What you are asked to do – Show each line of the data below in which "start" occurs.

Dataset –

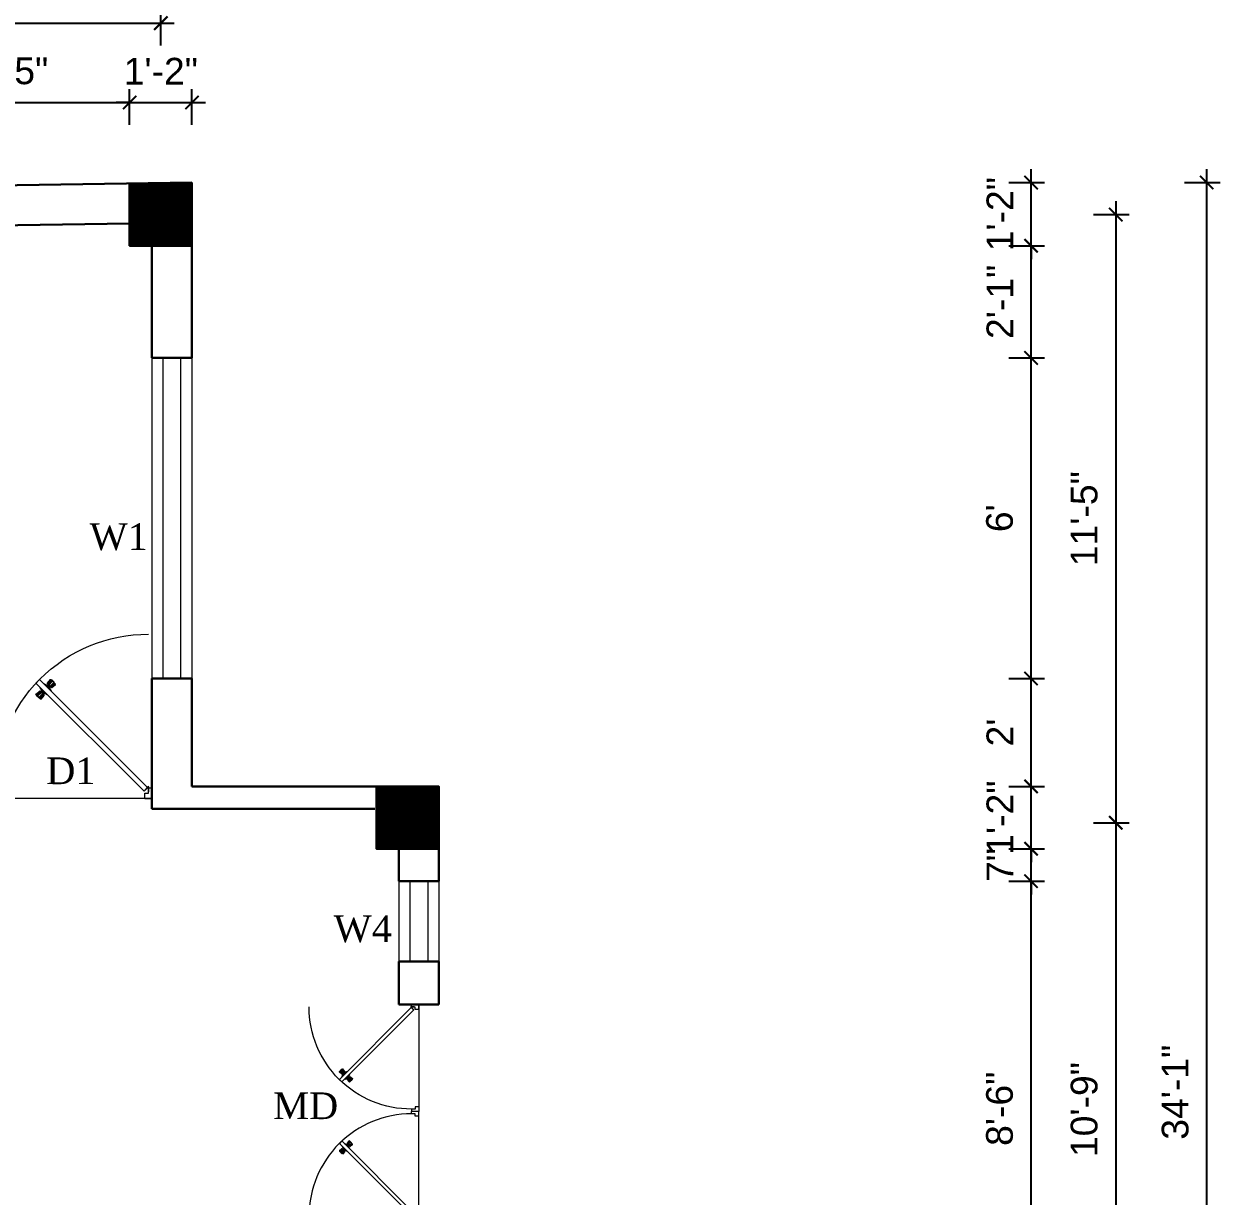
# Model space of a CAD drawing. Header units: inches. Extents: x -4737 to 13205, y 2479 to 13285.
# Drawn here: x -891.8 to -623.1, y 10907.5 to 11170.8 of the extents above; entities that cross this region are included whole.
import ezdxf

# ---------------------------------------------------------------- set-up
doc = ezdxf.new("R2010")
doc.units = ezdxf.units.IN
doc.header["$MEASUREMENT"] = 0
for name, color, linetype, lineweight in [('hatch-.09', 8, 'Continuous', 9), ('ns_DIMS', 1, 'Continuous', 0), ('ns_TEXT', 7, 'Continuous', 13), ('PUERTAS', 7, 'Continuous', 9), ('WALL', 12, 'Continuous', 30), ('wall2', 1, 'Continuous', 15), ('windoow', 4, 'Continuous', 5)]:
    doc.layers.add(name, color=color, linetype=linetype, lineweight=lineweight)
doc.styles.add('arial 1000', font='arial.ttf')
doc.styles.get("Standard").update_dxf_attribs({"font": 'arial.ttf'})
doc.dimstyles.new("1-8'", dxfattribs={"dimtxt": 6, "dimasz": 3, "dimexe": 3, "dimexo": 6, "dimgap": 4, "dimtad": 1, "dimdec": 0, "dimzin": 0, "dimdsep": 46, "dimlunit": 4, "dimtxsty": 'arial 1000', "dimblk": 'ARCHTICK', "dimcen": 8, "dimdle": 3, "dimclrt": 7, "dimazin": 0, "dimtfac": 1, "dimtdec": 0, "dimtix": 1, "dimtmove": 2, "dimatfit": 3, "dimfxl": 5, "dimfxlon": 1, "dimarcsym": 0})

# ---------------------------------------------------------------- blocks, each defined once
blk = doc.blocks.new('3ft')
at = {"layer": 'PUERTAS', "color": 2}
for p, q in [((1.01, 2.52), (25.23, 26.74)), ((26.05, 25.92), (1.77, 1.64)), ((21.99, 26.11), (21.98, 26.13)), ((26.05, 25.92), (25.23, 26.74)), ((25.42, 22.68), (25.43, 22.67)), ((0, 2.4), (0, 0)), ((0.72, 2.4), (0, 2.4)), ((1.6, 0), (0, 0)), ((0.72, 1.52), (0.72, 2.44)), ((0.8, 1.52), (0.72, 1.52)), ((0.8, 1.52), (0.8, 2.41)), ((0.8, 1.2), (0.8, 1.52)), ((1.6, 1.2), (0.8, 1.2)), ((1.57, 1.84), (0.94, 2.47)), ((1.63, 1.89), (0.97, 2.55)), ((1.63, 1.89), (1.57, 1.84)), ((1.77, 1.64), (1.57, 1.84)), ((1.6, 0), (1.6, 1.2)), ((34.4, 0), (34.4, 1.2)), ((34.4, 1.2), (35.2, 1.2)), ((34.4, 0), (36, 0)), ((35.2, 1.2), (35.2, 2.4)), ((35.2, 2.4), (36, 2.4)), ((36, 0), (36, 2.4))]:
    blk.add_line(p, q, dxfattribs=at)
at = {"layer": 'PUERTAS', "color": 8}
for p, q in [((22.57, 24.94), (21.65, 25.68)), ((22.63, 24.99), (21.69, 25.75)), ((22.74, 25.1), (21.84, 25.9)), ((22.13, 26.28), (21.98, 26.13)), ((22.88, 25.24), (22.01, 26.06)), ((22.13, 26.28), (22.27, 26.42)), ((22.29, 26.41), (22.27, 26.42)), ((23.16, 25.52), (22.34, 26.39)), ((23.3, 25.66), (22.5, 26.56)), ((23.41, 25.77), (22.65, 26.71)), ((22.69, 24.32), (23.02, 24.83)), ((23.46, 25.83), (22.72, 26.75)), ((22.95, 24.96), (22.84, 25.07)), ((22.98, 24.99), (22.86, 25.1)), ((23.03, 25.04), (22.91, 25.15)), ((22.91, 24.53), (23.1, 24.91)), ((23.11, 25.12), (22.99, 25.23)), ((23.13, 24.76), (23.18, 24.99)), ((23.28, 25.3), (23.17, 25.41)), ((23.36, 25.37), (23.25, 25.49)), ((23.31, 24.94), (23.28, 25.08)), ((23.41, 25.43), (23.3, 25.54)), ((23.46, 25.09), (23.32, 25.13)), ((23.44, 25.45), (23.33, 25.56)), ((23.64, 25.27), (23.41, 25.22)), ((23.87, 25.49), (23.49, 25.3)), ((24.08, 25.71), (23.57, 25.38)), ((24.58, 24.33), (24.52, 24.1)), ((24.8, 24.56), (24.61, 24.18)), ((25.02, 24.77), (24.68, 24.26)), ((23.63, 23.38), (24.14, 23.72)), ((23.84, 23.6), (24.22, 23.79)), ((24.07, 23.82), (24.3, 23.88)), ((24.25, 24), (24.39, 23.97)), ((24.25, 23.26), (24.99, 22.34)), ((24.27, 23.64), (24.38, 23.53)), ((24.3, 23.67), (24.41, 23.56)), ((24.3, 23.32), (25.06, 22.38)), ((24.35, 23.72), (24.46, 23.61)), ((24.4, 24.15), (24.43, 24.01)), ((24.41, 23.43), (25.2, 22.53)), ((24.43, 23.8), (24.54, 23.69)), ((24.55, 23.57), (25.37, 22.7)), ((24.6, 23.97), (24.72, 23.86)), ((24.68, 24.05), (24.79, 23.94)), ((24.73, 24.1), (24.85, 23.99)), ((24.76, 24.13), (24.87, 24.02)), ((24.83, 23.85), (25.7, 23.03)), ((24.97, 23.99), (25.87, 23.2)), ((25.08, 24.1), (26.02, 23.34)), ((25.14, 24.15), (26.06, 23.41)), ((25.58, 22.82), (25.43, 22.67)), ((25.58, 22.82), (25.73, 22.97)), ((25.72, 22.98), (25.73, 22.97)), ((0, 0), (36, 0))]:
    blk.add_line(p, q, dxfattribs=at)
at = {"layer": 'PUERTAS', "color": 1}
for p, q in [((21.67, 25.73), (22.17, 26.23)), ((22.49, 24.95), (21.67, 25.61)), ((21.7, 25.82), (22.14, 26.26)), ((21.73, 25.79), (21.7, 25.82)), ((22.58, 26.7), (22.14, 26.26)), ((22.67, 26.73), (22.17, 26.23)), ((22.61, 26.67), (22.58, 26.7)), ((22.6, 24.96), (23.02, 25.38)), ((22.61, 24.25), (22.92, 24.72)), ((22.7, 25.07), (22.71, 25.06)), ((23.45, 25.91), (22.79, 26.73)), ((22.82, 25.06), (23.08, 25.32)), ((22.94, 24.95), (22.83, 25.07)), ((22.92, 24.72), (22.92, 24.72)), ((22.93, 24.94), (23.19, 25.21)), ((22.93, 24.84), (22.93, 24.83)), ((23.44, 25.81), (23.02, 25.38)), ((23.34, 25.58), (23.08, 25.32)), ((23.46, 25.47), (23.19, 25.21)), ((23.33, 25.7), (23.34, 25.69)), ((23.45, 25.46), (23.33, 25.57)), ((23.57, 25.47), (23.57, 25.47)), ((24.15, 25.79), (23.68, 25.48)), ((23.68, 25.48), (23.68, 25.48)), ((24.27, 25.78), (24.26, 25.79)), ((24.79, 24.38), (24.78, 24.37)), ((24.78, 24.26), (24.78, 24.26)), ((25.1, 24.84), (24.79, 24.38)), ((25.09, 24.96), (25.1, 24.95)), ((22.62, 24.13), (22.61, 24.14)), ((23.44, 23.31), (23.45, 23.3)), ((23.56, 23.3), (24.03, 23.61)), ((24.03, 23.61), (24.03, 23.62)), ((24.14, 23.62), (24.14, 23.62)), ((24.25, 23.62), (24.51, 23.89)), ((24.26, 23.29), (24.69, 23.71)), ((24.26, 23.63), (24.37, 23.52)), ((24.26, 23.18), (24.92, 22.37)), ((24.37, 23.52), (24.63, 23.77)), ((24.37, 23.4), (24.37, 23.4)), ((24.78, 24.15), (24.51, 23.89)), ((24.89, 24.03), (24.63, 23.77)), ((25.11, 24.14), (24.69, 23.71)), ((24.77, 24.14), (24.88, 24.03)), ((25, 24.03), (25, 24.03)), ((25.04, 22.36), (25.54, 22.86)), ((25.1, 22.42), (25.13, 22.39)), ((25.13, 22.39), (25.57, 22.83)), ((25.22, 24.14), (26.03, 23.48)), ((26.04, 23.37), (25.54, 22.86)), ((26.01, 23.27), (25.57, 22.83)), ((25.98, 23.3), (26.01, 23.27))]:
    blk.add_line(p, q, dxfattribs=at)
at = {"layer": 'PUERTAS', "color": 2}
for radius in [0.155, 0.0752]:
    blk.add_circle((0.82, 2.56), radius, dxfattribs=at)
at = {"layer": 'PUERTAS', "color": 8}
blk.add_arc((0.82, 2.56), 34.38, 359.7285, 90.0333, dxfattribs=at)
at = {"layer": 'PUERTAS', "color": 1}
for centre, start, end in [((22.54, 25.01), 231.0764, 315), ((22.67, 24.2), 135, 225), ((22.73, 26.68), 38.9236, 135), ((22.77, 25.12), 225, 315), ((22.99, 24.89), 135, 219.7428), ((22.87, 24.78), 315, 39.7428), ((23.28, 25.63), 315, 45), ((23.39, 25.86), 315, 38.9236), ((23.51, 25.41), 50.2572, 135), ((23.62, 25.53), 230.2572, 315), ((24.2, 25.73), 45, 135), ((24.84, 24.31), 135, 219.7428), ((24.72, 24.21), 315, 39.7428), ((25.04, 24.89), 315, 45), ((23.51, 23.36), 225, 315), ((24.09, 23.56), 50.2572, 135), ((24.2, 23.68), 230.2572, 315), ((24.32, 23.23), 135, 218.9236), ((24.42, 23.46), 135, 225), ((24.94, 23.98), 45, 135), ((24.98, 22.42), 218.9236, 315), ((25.17, 24.08), 51.0764, 135), ((25.98, 23.42), 315, 51.0764)]:
    blk.add_arc(centre, 0.08, start, end, dxfattribs=at)
blk = doc.blocks.new('*U36')
at = {"color": 3}
blk.add_blockref('3ft', (0, 0), dxfattribs=at)
blk = doc.blocks.new('_ArchTick')
at = {"color": 0, "const_width": 0.15}
blk.add_lwpolyline([(-0.5, -0.5), (0.5, 0.5)], dxfattribs=at)
blk = doc.blocks.new('*D1368')
at = {"layer": 'Defpoints', "color": 0, "transparency": 16777216}
for p in [(-854.03, 11188.93), (-854.03, 11134.93), (-1076.17, 11131.98)]:
    blk.add_point(p, dxfattribs=at)
at = {"layer": 'ns_DIMS', "color": 0, "lineweight": -2, "transparency": 16777216}
for p, q in [((-1076.17, 11183.93), (-1076.17, 11191.93)), ((-854.03, 11183.93), (-854.03, 11191.93)), ((-1079.17, 11188.93), (-851.03, 11188.93))]:
    blk.add_line(p, q, dxfattribs=at)
at = {"layer": 'ns_DIMS', "color": 0, "lineweight": -2, "transparency": 16777216, "xscale": 3, "yscale": 3, "zscale": 3, "rotation": 180}
blk.add_blockref('_ArchTick', (-1076.17, 11188.93), dxfattribs=at)
at = {"layer": 'ns_DIMS', "color": 0, "lineweight": -2, "transparency": 16777216, "xscale": 3, "yscale": 3, "zscale": 3}
blk.add_blockref('_ArchTick', (-854.03, 11188.93), dxfattribs=at)
at = {"layer": 'ns_DIMS', "color": 7, "transparency": 16777216, "insert": (-965.1, 11195.99), "char_height": 6, "attachment_point": 5, "style": 'arial 1000'}
blk.add_mtext('18\'-6"', dxfattribs=at)
blk = doc.blocks.new('*D1371')
at = {"layer": 'Defpoints', "color": 0, "transparency": 16777216}
for p in [(-868.03, 11153.12), (-921.29, 11133.98), (-868.03, 11135.12)]:
    blk.add_point(p, dxfattribs=at)
at = {"layer": 'ns_DIMS', "color": 0, "lineweight": -2, "transparency": 16777216}
for p, q in [((-921.29, 11148.12), (-921.29, 11156.12)), ((-868.03, 11148.12), (-868.03, 11156.12)), ((-924.29, 11153.12), (-865.03, 11153.12))]:
    blk.add_line(p, q, dxfattribs=at)
at = {"layer": 'ns_DIMS', "color": 0, "lineweight": -2, "transparency": 16777216, "xscale": 3, "yscale": 3, "zscale": 3, "rotation": 180}
blk.add_blockref('_ArchTick', (-921.29, 11153.12), dxfattribs=at)
at = {"layer": 'ns_DIMS', "color": 0, "lineweight": -2, "transparency": 16777216, "xscale": 3, "yscale": 3, "zscale": 3}
blk.add_blockref('_ArchTick', (-868.03, 11153.12), dxfattribs=at)
at = {"layer": 'ns_DIMS', "color": 7, "transparency": 16777216, "insert": (-894.66, 11160.18), "char_height": 6, "attachment_point": 5, "style": 'arial 1000'}
blk.add_mtext('4\'-5"', dxfattribs=at)
blk = doc.blocks.new('*D1372')
at = {"layer": 'Defpoints', "color": 0, "transparency": 16777216}
for p in [(-854.03, 11153.12), (-868.03, 11134.93), (-854.03, 11134.93)]:
    blk.add_point(p, dxfattribs=at)
at = {"layer": 'ns_DIMS', "color": 0, "lineweight": -2, "transparency": 16777216}
for p, q in [((-868.03, 11148.12), (-868.03, 11156.12)), ((-854.03, 11148.12), (-854.03, 11156.12)), ((-868.03, 11153.12), (-871.03, 11153.12)), ((-868.03, 11153.12), (-854.03, 11153.12)), ((-854.03, 11153.12), (-851.03, 11153.12))]:
    blk.add_line(p, q, dxfattribs=at)
at = {"layer": 'ns_DIMS', "color": 0, "lineweight": -2, "transparency": 16777216, "xscale": 3, "yscale": 3, "zscale": 3}
blk.add_blockref('_ArchTick', (-868.03, 11153.12), dxfattribs=at)
at = {"layer": 'ns_DIMS', "color": 0, "lineweight": -2, "transparency": 16777216, "xscale": 3, "yscale": 3, "zscale": 3, "rotation": 180}
blk.add_blockref('_ArchTick', (-854.03, 11153.12), dxfattribs=at)
at = {"layer": 'ns_DIMS', "color": 7, "transparency": 16777216, "insert": (-861.03, 11160.14), "char_height": 6, "attachment_point": 5, "style": 'arial 1000'}
blk.add_mtext('1\'-2"', dxfattribs=at)
blk = doc.blocks.new('*D1373')
at = {"layer": 'Defpoints', "color": 0, "transparency": 16777216}
for p in [(-861.03, 11170.93), (-928.29, 11133.98), (-861.03, 11134.93)]:
    blk.add_point(p, dxfattribs=at)
at = {"layer": 'ns_DIMS', "color": 0, "lineweight": -2, "transparency": 16777216}
for p, q in [((-928.29, 11165.93), (-928.29, 11173.93)), ((-861.03, 11165.93), (-861.03, 11173.93)), ((-931.29, 11170.93), (-858.03, 11170.93))]:
    blk.add_line(p, q, dxfattribs=at)
at = {"layer": 'ns_DIMS', "color": 0, "lineweight": -2, "transparency": 16777216, "xscale": 3, "yscale": 3, "zscale": 3, "rotation": 180}
blk.add_blockref('_ArchTick', (-928.29, 11170.93), dxfattribs=at)
at = {"layer": 'ns_DIMS', "color": 0, "lineweight": -2, "transparency": 16777216, "xscale": 3, "yscale": 3, "zscale": 3}
blk.add_blockref('_ArchTick', (-861.03, 11170.93), dxfattribs=at)
at = {"layer": 'ns_DIMS', "color": 7, "transparency": 16777216, "insert": (-894.66, 11177.98), "char_height": 6, "attachment_point": 5, "style": 'arial 1000'}
blk.add_mtext('5\'-7"', dxfattribs=at)
blk = doc.blocks.new('2ft6in')
at = {"layer": 'PUERTAS', "color": 2}
for p, q in [((0.84, 2.1), (21.02, 22.28)), ((21.71, 21.6), (1.47, 1.37)), ((18.33, 21.76), (18.31, 21.77)), ((21.71, 21.6), (21.02, 22.28)), ((21.18, 18.9), (21.2, 18.89)), ((0, 2), (0, 0)), ((0.6, 2), (0, 2)), ((1.33, 0), (0, 0)), ((0.6, 1.26), (0.6, 2.04)), ((0.67, 1.26), (0.6, 1.26)), ((0.67, 1.26), (0.67, 2.01)), ((0.67, 1), (0.67, 1.26)), ((1.33, 1), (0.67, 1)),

Exercise response –
for centre, start, end in [((22.54, 25.01), 231.0764, 315), ((22.67, 24.2), 135, 225), ((22.73, 26.68), 38.9236, 135), ((22.77, 25.12), 225, 315), ((22.99, 24.89), 135, 219.7428), ((22.87, 24.78), 315, 39.7428), ((23.28, 25.63), 315, 45), ((23.39, 25.86), 315, 38.9236), ((23.51, 25.41), 50.2572, 135), ((23.62, 25.53), 230.2572, 315), ((24.2, 25.73), 45, 135), ((24.84, 24.31), 135, 219.7428), ((24.72, 24.21), 315, 39.7428), ((25.04, 24.89), 315, 45), ((23.51, 23.36), 225, 315), ((24.09, 23.56), 50.2572, 135), ((24.2, 23.68), 230.2572, 315), ((24.32, 23.23), 135, 218.9236), ((24.42, 23.46), 135, 225), ((24.94, 23.98), 45, 135), ((24.98, 22.42), 218.9236, 315), ((25.17, 24.08), 51.0764, 135), ((25.98, 23.42), 315, 51.0764)]:
    blk.add_arc(centre, 0.08, start, end, dxfattribs=at)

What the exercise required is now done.